| Work instructions |
Starting at the line with "#206=ORIENTED_EDGE('',*,*,#101,.F.);" and going on through the line with "#233=CARTESIAN_POINT('',(1.65364583333333,0.,185.025));", reproduce each line in the records below exactly and nothing more.

(Dataset items)

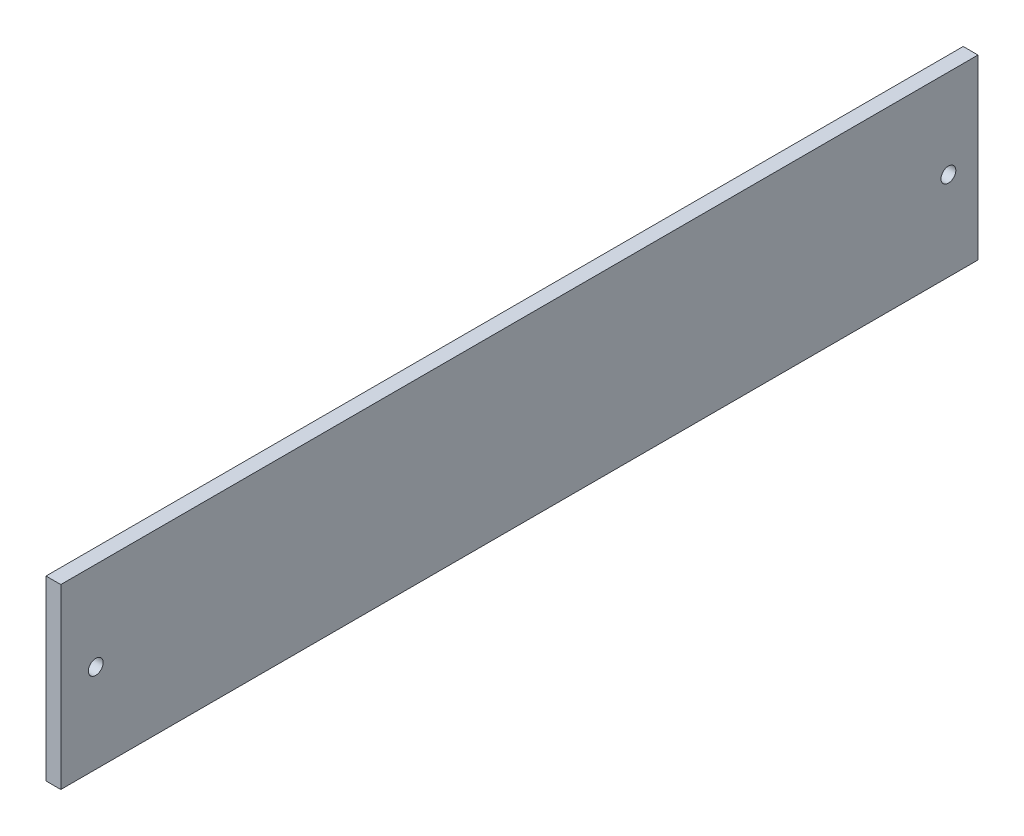
ISO-10303-21;
HEADER;
FILE_DESCRIPTION(('STEP AP214'),'2;1');
FILE_NAME('part.step','',(''),(''),'','','');
FILE_SCHEMA(('AUTOMOTIVE_DESIGN { 1 0 10303 214 1 1 1 1 }'));
ENDSEC;
DATA;
#1=APPLICATION_CONTEXT('core data for automotive mechanical design processes');
#2=APPLICATION_PROTOCOL_DEFINITION('international standard','automotive_design',2000,#1);
#3=PRODUCT_CONTEXT('',#1,'mechanical');
#4=PRODUCT('Part','Part','',(#3));
#5=PRODUCT_RELATED_PRODUCT_CATEGORY('part','',(#4));
#6=PRODUCT_DEFINITION_FORMATION('','',#4);
#7=PRODUCT_DEFINITION_CONTEXT('part definition',#1,'design');
#8=PRODUCT_DEFINITION('design','',#6,#7);
#9=PRODUCT_DEFINITION_SHAPE('','',#8);
#10=(LENGTH_UNIT() NAMED_UNIT(*) SI_UNIT(.MILLI.,.METRE.));
#11=(NAMED_UNIT(*) PLANE_ANGLE_UNIT() SI_UNIT($,.RADIAN.));
#12=(NAMED_UNIT(*) SI_UNIT($,.STERADIAN.) SOLID_ANGLE_UNIT());
#13=UNCERTAINTY_MEASURE_WITH_UNIT(LENGTH_MEASURE(1.E-05),#10,'distance_accuracy_value','');
#14=(GEOMETRIC_REPRESENTATION_CONTEXT(3) GLOBAL_UNCERTAINTY_ASSIGNED_CONTEXT((#13)) GLOBAL_UNIT_ASSIGNED_CONTEXT((#10,
#11,#12)) REPRESENTATION_CONTEXT('',''));
#15=CARTESIAN_POINT('',(0.,0.,0.));
#16=DIRECTION('',(0.,0.,1.));
#17=DIRECTION('',(1.,0.,0.));
#18=AXIS2_PLACEMENT_3D('',#15,#16,#17);
#19=CARTESIAN_POINT('',(6.35,-38.1,196.85));
#20=DIRECTION('',(0.,0.,-1.));
#21=DIRECTION('',(-1.,0.,0.));
#22=AXIS2_PLACEMENT_3D('',#19,#20,#21);
#23=PLANE('',#22);
#24=DIRECTION('',(0.,-1.,0.));
#25=VECTOR('',#24,1.);
#26=CARTESIAN_POINT('',(0.,-38.1,196.85));
#27=LINE('',#26,#25);
#28=CARTESIAN_POINT('',(0.,38.1,196.85));
#29=VERTEX_POINT('',#28);
#30=CARTESIAN_POINT('',(0.,-38.1,196.85));
#31=VERTEX_POINT('',#30);
#32=EDGE_CURVE('E96',#29,#31,#27,.T.);
#33=ORIENTED_EDGE('',*,*,#32,.T.);
#34=DIRECTION('',(-1.,0.,0.));
#35=VECTOR('',#34,1.);
#36=CARTESIAN_POINT('',(6.35,-38.1,196.85));
#37=LINE('',#36,#35);
#38=CARTESIAN_POINT('',(6.35,-38.1,196.85));
#39=VERTEX_POINT('',#38);
#40=EDGE_CURVE('E11',#39,#31,#37,.T.);
#41=ORIENTED_EDGE('',*,*,#40,.F.);
#42=DIRECTION('',(0.,-1.,0.));
#43=VECTOR('',#42,1.);
#44=CARTESIAN_POINT('',(6.35,-38.1,196.85));
#45=LINE('',#44,#43);
#46=CARTESIAN_POINT('',(6.35,38.1,196.85));
#47=VERTEX_POINT('',#46);
#48=EDGE_CURVE('E84',#47,#39,#45,.T.);
#49=ORIENTED_EDGE('',*,*,#48,.F.);
#50=DIRECTION('',(-1.,0.,0.));
#51=VECTOR('',#50,1.);
#52=CARTESIAN_POINT('',(6.35,38.1,196.85));
#53=LINE('',#52,#51);
#54=EDGE_CURVE('E92',#47,#29,#53,.T.);
#55=ORIENTED_EDGE('',*,*,#54,.T.);
#56=EDGE_LOOP('',(#33,#41,#49,#55));
#57=FACE_BOUND('',#56,.T.);
#58=ADVANCED_FACE('F33',(#57),#23,.F.);
#59=CARTESIAN_POINT('',(6.35,-38.1,-196.85));
#60=DIRECTION('',(0.,1.,0.));
#61=DIRECTION('',(0.,0.,1.));
#62=AXIS2_PLACEMENT_3D('',#59,#60,#61);
#63=PLANE('',#62);
#64=DIRECTION('',(0.,0.,-1.));
#65=VECTOR('',#64,1.);
#66=CARTESIAN_POINT('',(0.,-38.1,-196.85));
#67=LINE('',#66,#65);
#68=CARTESIAN_POINT('',(0.,-38.1,-196.85));
#69=VERTEX_POINT('',#68);
#70=EDGE_CURVE('E88',#31,#69,#67,.T.);
#71=ORIENTED_EDGE('',*,*,#70,.T.);
#72=DIRECTION('',(-1.,0.,0.));
#73=VECTOR('',#72,1.);
#74=CARTESIAN_POINT('',(6.35,-38.1,-196.85));
#75=LINE('',#74,#73);
#76=CARTESIAN_POINT('',(6.35,-38.1,-196.85));
#77=VERTEX_POINT('',#76);
#78=EDGE_CURVE('E41',#77,#69,#75,.T.);
#79=ORIENTED_EDGE('',*,*,#78,.F.);
#80=DIRECTION('',(0.,0.,-1.));
#81=VECTOR('',#80,1.);
#82=CARTESIAN_POINT('',(6.35,-38.1,-196.85));
#83=LINE('',#82,#81);
#84=EDGE_CURVE('E79',#39,#77,#83,.T.);
#85=ORIENTED_EDGE('',*,*,#84,.F.);
#86=ORIENTED_EDGE('',*,*,#40,.T.);
#87=EDGE_LOOP('',(#71,#79,#85,#86));
#88=FACE_BOUND('',#87,.T.);
#89=ADVANCED_FACE('F87',(#88),#63,.F.);
#90=CARTESIAN_POINT('',(6.35,-38.1,-196.85));
#91=DIRECTION('',(0.,0.,1.));
#92=DIRECTION('',(1.,0.,0.));
#93=AXIS2_PLACEMENT_3D('',#90,#91,#92);
#94=PLANE('',#93);
#95=DIRECTION('',(0.,1.,0.));
#96=VECTOR('',#95,1.);
#97=CARTESIAN_POINT('',(0.,-38.1,-196.85));
#98=LINE('',#97,#96);
#99=CARTESIAN_POINT('',(0.,38.1,-196.85));
#100=VERTEX_POINT('',#99);
#101=EDGE_CURVE('E66',#69,#100,#98,.T.);
#102=ORIENTED_EDGE('',*,*,#101,.T.);
#103=DIRECTION('',(-1.,0.,0.));
#104=VECTOR('',#103,1.);
#105=CARTESIAN_POINT('',(6.35,38.1,-196.85));
#106=LINE('',#105,#104);
#107=CARTESIAN_POINT('',(6.35,38.1,-196.85));
#108=VERTEX_POINT('',#107);
#109=EDGE_CURVE('E89',#108,#100,#106,.T.);
#110=ORIENTED_EDGE('',*,*,#109,.F.);
#111=DIRECTION('',(0.,1.,0.));
#112=VECTOR('',#111,1.);
#113=CARTESIAN_POINT('',(6.35,-38.1,-196.85));
#114=LINE('',#113,#112);
#115=EDGE_CURVE('E82',#77,#108,#114,.T.);
#116=ORIENTED_EDGE('',*,*,#115,.F.);
#117=ORIENTED_EDGE('',*,*,#78,.T.);
#118=EDGE_LOOP('',(#102,#110,#116,#117));
#119=FACE_BOUND('',#118,.T.);
#120=ADVANCED_FACE('F90',(#119),#94,.F.);
#121=CARTESIAN_POINT('',(6.35,38.1,-196.85));
#122=DIRECTION('',(0.,-1.,0.));
#123=DIRECTION('',(0.,0.,-1.));
#124=AXIS2_PLACEMENT_3D('',#121,#122,#123);
#125=PLANE('',#124);
#126=DIRECTION('',(0.,0.,1.));
#127=VECTOR('',#126,1.);
#128=CARTESIAN_POINT('',(0.,38.1,-196.85));
#129=LINE('',#128,#127);
#130=EDGE_CURVE('E72',#100,#29,#129,.T.);
#131=ORIENTED_EDGE('',*,*,#130,.T.);
#132=ORIENTED_EDGE('',*,*,#54,.F.);
#133=DIRECTION('',(0.,0.,1.));
#134=VECTOR('',#133,1.);
#135=CARTESIAN_POINT('',(6.35,38.1,-196.85));
#136=LINE('',#135,#134);
#137=EDGE_CURVE('E49',#108,#47,#136,.T.);
#138=ORIENTED_EDGE('',*,*,#137,.F.);
#139=ORIENTED_EDGE('',*,*,#109,.T.);
#140=EDGE_LOOP('',(#131,#132,#138,#139));
#141=FACE_BOUND('',#140,.T.);
#142=ADVANCED_FACE('F104',(#141),#125,.F.);
#143=CARTESIAN_POINT('',(6.35,0.,0.));
#144=DIRECTION('',(1.,0.,0.));
#145=DIRECTION('',(0.,0.,-1.));
#146=AXIS2_PLACEMENT_3D('',#143,#144,#145);
#147=PLANE('',#146);
#148=CARTESIAN_POINT('',(6.35,0.,-184.15));
#149=DIRECTION('',(1.,0.,0.));
#150=DIRECTION('',(0.,0.,-1.));
#151=AXIS2_PLACEMENT_3D('',#148,#149,#150);
#152=CIRCLE('',#151,3.175);
#153=CARTESIAN_POINT('',(6.35,0.,-180.975));
#154=VERTEX_POINT('',#153);
#155=EDGE_CURVE('E115',#154,#154,#152,.F.);
#156=ORIENTED_EDGE('',*,*,#155,.T.);
#157=EDGE_LOOP('',(#156));
#158=FACE_BOUND('',#157,.T.);
#159=CARTESIAN_POINT('',(6.35,0.,181.85));
#160=DIRECTION('',(1.,0.,0.));
#161=DIRECTION('',(0.,0.,-1.));
#162=AXIS2_PLACEMENT_3D('',#159,#160,#161);
#163=CIRCLE('',#162,3.175);
#164=CARTESIAN_POINT('',(6.35,0.,185.025));
#165=VERTEX_POINT('',#164);
#166=EDGE_CURVE('E99',#165,#165,#163,.F.);
#167=ORIENTED_EDGE('',*,*,#166,.T.);
#168=EDGE_LOOP('',(#167));
#169=FACE_BOUND('',#168,.T.);
#170=ORIENTED_EDGE('',*,*,#48,.T.);
#171=ORIENTED_EDGE('',*,*,#84,.T.);
#172=ORIENTED_EDGE('',*,*,#115,.T.);
#173=ORIENTED_EDGE('',*,*,#137,.T.);
#174=EDGE_LOOP('',(#170,#171,#172,#173));
#175=FACE_BOUND('',#174,.T.);
#176=ADVANCED_FACE('F80',(#158,#169,#175),#147,.T.);
#177=CARTESIAN_POINT('',(0.,0.,0.));
#178=DIRECTION('',(1.,0.,0.));
#179=DIRECTION('',(0.,0.,-1.));
#180=AXIS2_PLACEMENT_3D('',#177,#178,#179);
#181=PLANE('',#180);
#182=CARTESIAN_POINT('',(0.,0.,-184.15));
#183=DIRECTION('',(-1.,0.,0.));
#184=DIRECTION('',(0.,0.,1.));
#185=AXIS2_PLACEMENT_3D('',#182,#183,#184);
#186=CIRCLE('',#185,3.175);
#187=CARTESIAN_POINT('',(0.,0.,-180.975));
#188=VERTEX_POINT('',#187);
#189=EDGE_CURVE('E118',#188,#188,#186,.T.);
#190=ORIENTED_EDGE('',*,*,#189,.F.);
#191=EDGE_LOOP('',(#190));
#192=FACE_BOUND('',#191,.T.);
#193=CARTESIAN_POINT('',(0.,0.,181.85));
#194=DIRECTION('',(-1.,0.,0.));
#195=DIRECTION('',(0.,0.,1.));
#196=AXIS2_PLACEMENT_3D('',#193,#194,#195);
#197=CIRCLE('',#196,3.175);
#198=CARTESIAN_POINT('',(0.,0.,185.025));
#199=VERTEX_POINT('',#198);
#200=EDGE_CURVE('E112',#199,#199,#197,.T.);
#201=ORIENTED_EDGE('',*,*,#200,.F.);
#202=EDGE_LOOP('',(#201));
#203=FACE_BOUND('',#202,.T.);
#204=ORIENTED_EDGE('',*,*,#32,.F.);
#205=ORIENTED_EDGE('',*,*,#130,.F.);
#206=ORIENTED_EDGE('',*,*,#101,.F.);
#207=ORIENTED_EDGE('',*,*,#70,.F.);
#208=EDGE_LOOP('',(#204,#205,#206,#207));
#209=FACE_BOUND('',#208,.T.);
#210=ADVANCED_FACE('F107',(#192,#203,#209),#181,.F.);
#211=CARTESIAN_POINT('',(15.3302561210692,0.,181.85));
#212=DIRECTION('',(-1.,0.,0.));
#213=DIRECTION('',(0.,0.,1.));
#214=AXIS2_PLACEMENT_3D('',#211,#212,#213);
#215=CYLINDRICAL_SURFACE('',#214,3.175);
#216=CARTESIAN_POINT('',(0.,0.,185.025));
#217=CARTESIAN_POINT('',(0.0661458333333336,0.,185.025));
#218=CARTESIAN_POINT('',(0.132291666666667,0.,185.025));
#219=CARTESIAN_POINT('',(0.264583333333334,0.,185.025));
#220=CARTESIAN_POINT('',(0.330729166666667,0.,185.025));
#221=CARTESIAN_POINT('',(0.463020833333333,0.,185.025));
#222=CARTESIAN_POINT('',(0.529166666666667,0.,185.025));
#223=CARTESIAN_POINT('',(0.661458333333333,0.,185.025));
#224=CARTESIAN_POINT('',(0.727604166666666,0.,185.025));
#225=CARTESIAN_POINT('',(0.859895833333333,0.,185.025));
#226=CARTESIAN_POINT('',(0.926041666666666,0.,185.025));
#227=CARTESIAN_POINT('',(1.05833333333333,0.,185.025));
#228=CARTESIAN_POINT('',(1.12447916666667,0.,185.025));
#229=CARTESIAN_POINT('',(1.25677083333333,0.,185.025));
#230=CARTESIAN_POINT('',(1.32291666666667,0.,185.025));
#231=CARTESIAN_POINT('',(1.45520833333333,0.,185.025));
#232=CARTESIAN_POINT('',(1.52135416666667,0.,185.025));
#233=CARTESIAN_POINT('',(1.65364583333333,0.,185.025));
#234=CARTESIAN_POINT('',(1.71979166666667,0.,185.025));
#235=CARTESIAN_POINT('',(1.85208333333333,0.,185.025));
#236=CARTESIAN_POINT('',(1.91822916666667,0.,185.025));
#237=CARTESIAN_POINT('',(2.05052083333333,0.,185.025));
#238=CARTESIAN_POINT('',(2.11666666666667,0.,185.025));
#239=CARTESIAN_POINT('',(2.24895833333333,0.,185.025));
#240=CARTESIAN_POINT('',(2.31510416666667,0.,185.025));
#241=CARTESIAN_POINT('',(2.44739583333333,0.,185.025));
#242=CARTESIAN_POINT('',(2.51354166666667,0.,185.025));
#243=CARTESIAN_POINT('',(2.64583333333333,0.,185.025));
#244=CARTESIAN_POINT('',(2.71197916666667,0.,185.025));
#245=CARTESIAN_POINT('',(2.84427083333333,0.,185.025));
#246=CARTESIAN_POINT('',(2.91041666666667,0.,185.025));
#247=CARTESIAN_POINT('',(3.04270833333333,0.,185.025));
#248=CARTESIAN_POINT('',(3.10885416666667,0.,185.025));
#249=CARTESIAN_POINT('',(3.24114583333333,0.,185.025));
#250=CARTESIAN_POINT('',(3.30729166666667,0.,185.025));
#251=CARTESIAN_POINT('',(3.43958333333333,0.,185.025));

| Answer below |
#206=ORIENTED_EDGE('',*,*,#101,.F.);
#207=ORIENTED_EDGE('',*,*,#70,.F.);
#208=EDGE_LOOP('',(#204,#205,#206,#207));
#209=FACE_BOUND('',#208,.T.);
#210=ADVANCED_FACE('F107',(#192,#203,#209),#181,.F.);
#211=CARTESIAN_POINT('',(15.3302561210692,0.,181.85));
#212=DIRECTION('',(-1.,0.,0.));
#213=DIRECTION('',(0.,0.,1.));
#214=AXIS2_PLACEMENT_3D('',#211,#212,#213);
#215=CYLINDRICAL_SURFACE('',#214,3.175);
#216=CARTESIAN_POINT('',(0.,0.,185.025));
#217=CARTESIAN_POINT('',(0.0661458333333336,0.,185.025));
#218=CARTESIAN_POINT('',(0.132291666666667,0.,185.025));
#219=CARTESIAN_POINT('',(0.264583333333334,0.,185.025));
#220=CARTESIAN_POINT('',(0.330729166666667,0.,185.025));
#221=CARTESIAN_POINT('',(0.463020833333333,0.,185.025));
#222=CARTESIAN_POINT('',(0.529166666666667,0.,185.025));
#223=CARTESIAN_POINT('',(0.661458333333333,0.,185.025));
#224=CARTESIAN_POINT('',(0.727604166666666,0.,185.025));
#225=CARTESIAN_POINT('',(0.859895833333333,0.,185.025));
#226=CARTESIAN_POINT('',(0.926041666666666,0.,185.025));
#227=CARTESIAN_POINT('',(1.05833333333333,0.,185.025));
#228=CARTESIAN_POINT('',(1.12447916666667,0.,185.025));
#229=CARTESIAN_POINT('',(1.25677083333333,0.,185.025));
#230=CARTESIAN_POINT('',(1.32291666666667,0.,185.025));
#231=CARTESIAN_POINT('',(1.45520833333333,0.,185.025));
#232=CARTESIAN_POINT('',(1.52135416666667,0.,185.025));
#233=CARTESIAN_POINT('',(1.65364583333333,0.,185.025));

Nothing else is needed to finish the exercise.